*PROBLEM REQUIREMENTS*.
Every line of the data below should be written out word for word.

Stored data entries:

-.-.-

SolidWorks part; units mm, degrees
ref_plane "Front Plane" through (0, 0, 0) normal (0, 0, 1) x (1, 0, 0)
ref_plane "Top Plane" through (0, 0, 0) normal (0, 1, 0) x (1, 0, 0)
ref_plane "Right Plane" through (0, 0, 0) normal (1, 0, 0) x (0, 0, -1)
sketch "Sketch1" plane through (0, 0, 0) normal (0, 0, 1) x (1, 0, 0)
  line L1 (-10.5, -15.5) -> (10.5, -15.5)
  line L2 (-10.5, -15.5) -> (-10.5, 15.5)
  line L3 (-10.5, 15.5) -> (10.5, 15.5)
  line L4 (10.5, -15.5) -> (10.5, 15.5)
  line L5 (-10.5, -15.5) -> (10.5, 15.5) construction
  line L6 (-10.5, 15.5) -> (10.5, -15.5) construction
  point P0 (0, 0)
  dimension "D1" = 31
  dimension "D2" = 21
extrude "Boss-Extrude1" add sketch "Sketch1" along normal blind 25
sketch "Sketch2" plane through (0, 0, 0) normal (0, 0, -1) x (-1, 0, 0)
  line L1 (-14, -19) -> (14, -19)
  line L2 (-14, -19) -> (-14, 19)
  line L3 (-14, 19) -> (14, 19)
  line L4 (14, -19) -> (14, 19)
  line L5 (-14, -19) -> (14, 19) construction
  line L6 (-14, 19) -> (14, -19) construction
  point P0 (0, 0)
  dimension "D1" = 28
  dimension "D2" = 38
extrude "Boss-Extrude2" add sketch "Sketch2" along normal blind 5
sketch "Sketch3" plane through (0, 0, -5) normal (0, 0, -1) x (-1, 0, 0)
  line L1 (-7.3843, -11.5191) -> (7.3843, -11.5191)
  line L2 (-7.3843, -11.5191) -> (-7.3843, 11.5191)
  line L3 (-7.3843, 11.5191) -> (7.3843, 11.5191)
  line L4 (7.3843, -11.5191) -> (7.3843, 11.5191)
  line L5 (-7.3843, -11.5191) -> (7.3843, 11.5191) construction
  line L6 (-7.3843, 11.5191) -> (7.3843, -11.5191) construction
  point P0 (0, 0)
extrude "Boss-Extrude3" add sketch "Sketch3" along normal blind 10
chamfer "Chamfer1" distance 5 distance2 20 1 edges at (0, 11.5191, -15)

-.-.-

*RESPONSE TO THE TASK*.
SolidWorks part; units mm, degrees
ref_plane "Front Plane" through (0, 0, 0) normal (0, 0, 1) x (1, 0, 0)
ref_plane "Top Plane" through (0, 0, 0) normal (0, 1, 0) x (1, 0, 0)
ref_plane "Right Plane" through (0, 0, 0) normal (1, 0, 0) x (0, 0, -1)
sketch "Sketch1" plane through (0, 0, 0) normal (0, 0, 1) x (1, 0, 0)
  line L1 (-10.5, -15.5) -> (10.5, -15.5)
  line L2 (-10.5, -15.5) -> (-10.5, 15.5)
  line L3 (-10.5, 15.5) -> (10.5, 15.5)
  line L4 (10.5, -15.5) -> (10.5, 15.5)
  line L5 (-10.5, -15.5) -> (10.5, 15.5) construction
  line L6 (-10.5, 15.5) -> (10.5, -15.5) construction
  point P0 (0, 0)
  dimension "D1" = 31
  dimension "D2" = 21
extrude "Boss-Extrude1" add sketch "Sketch1" along normal blind 25
sketch "Sketch2" plane through (0, 0, 0) normal (0, 0, -1) x (-1, 0, 0)
  line L1 (-14, -19) -> (14, -19)
  line L2 (-14, -19) -> (-14, 19)
  line L3 (-14, 19) -> (14, 19)
  line L4 (14, -19) -> (14, 19)
  line L5 (-14, -19) -> (14, 19) construction
  line L6 (-14, 19) -> (14, -19) construction
  point P0 (0, 0)
  dimension "D1" = 28
  dimension "D2" = 38
extrude "Boss-Extrude2" add sketch "Sketch2" along normal blind 5
sketch "Sketch3" plane through (0, 0, -5) normal (0, 0, -1) x (-1, 0, 0)
  line L1 (-7.3843, -11.5191) -> (7.3843, -11.5191)
  line L2 (-7.3843, -11.5191) -> (-7.3843, 11.5191)
  line L3 (-7.3843, 11.5191) -> (7.3843, 11.5191)
  line L4 (7.3843, -11.5191) -> (7.3843, 11.5191)
  line L5 (-7.3843, -11.5191) -> (7.3843, 11.5191) construction
  line L6 (-7.3843, 11.5191) -> (7.3843, -11.5191) construction
  point P0 (0, 0)
extrude "Boss-Extrude3" add sketch "Sketch3" along normal blind 10
chamfer "Chamfer1" distance 5 distance2 20 1 edges at (0, 11.5191, -15)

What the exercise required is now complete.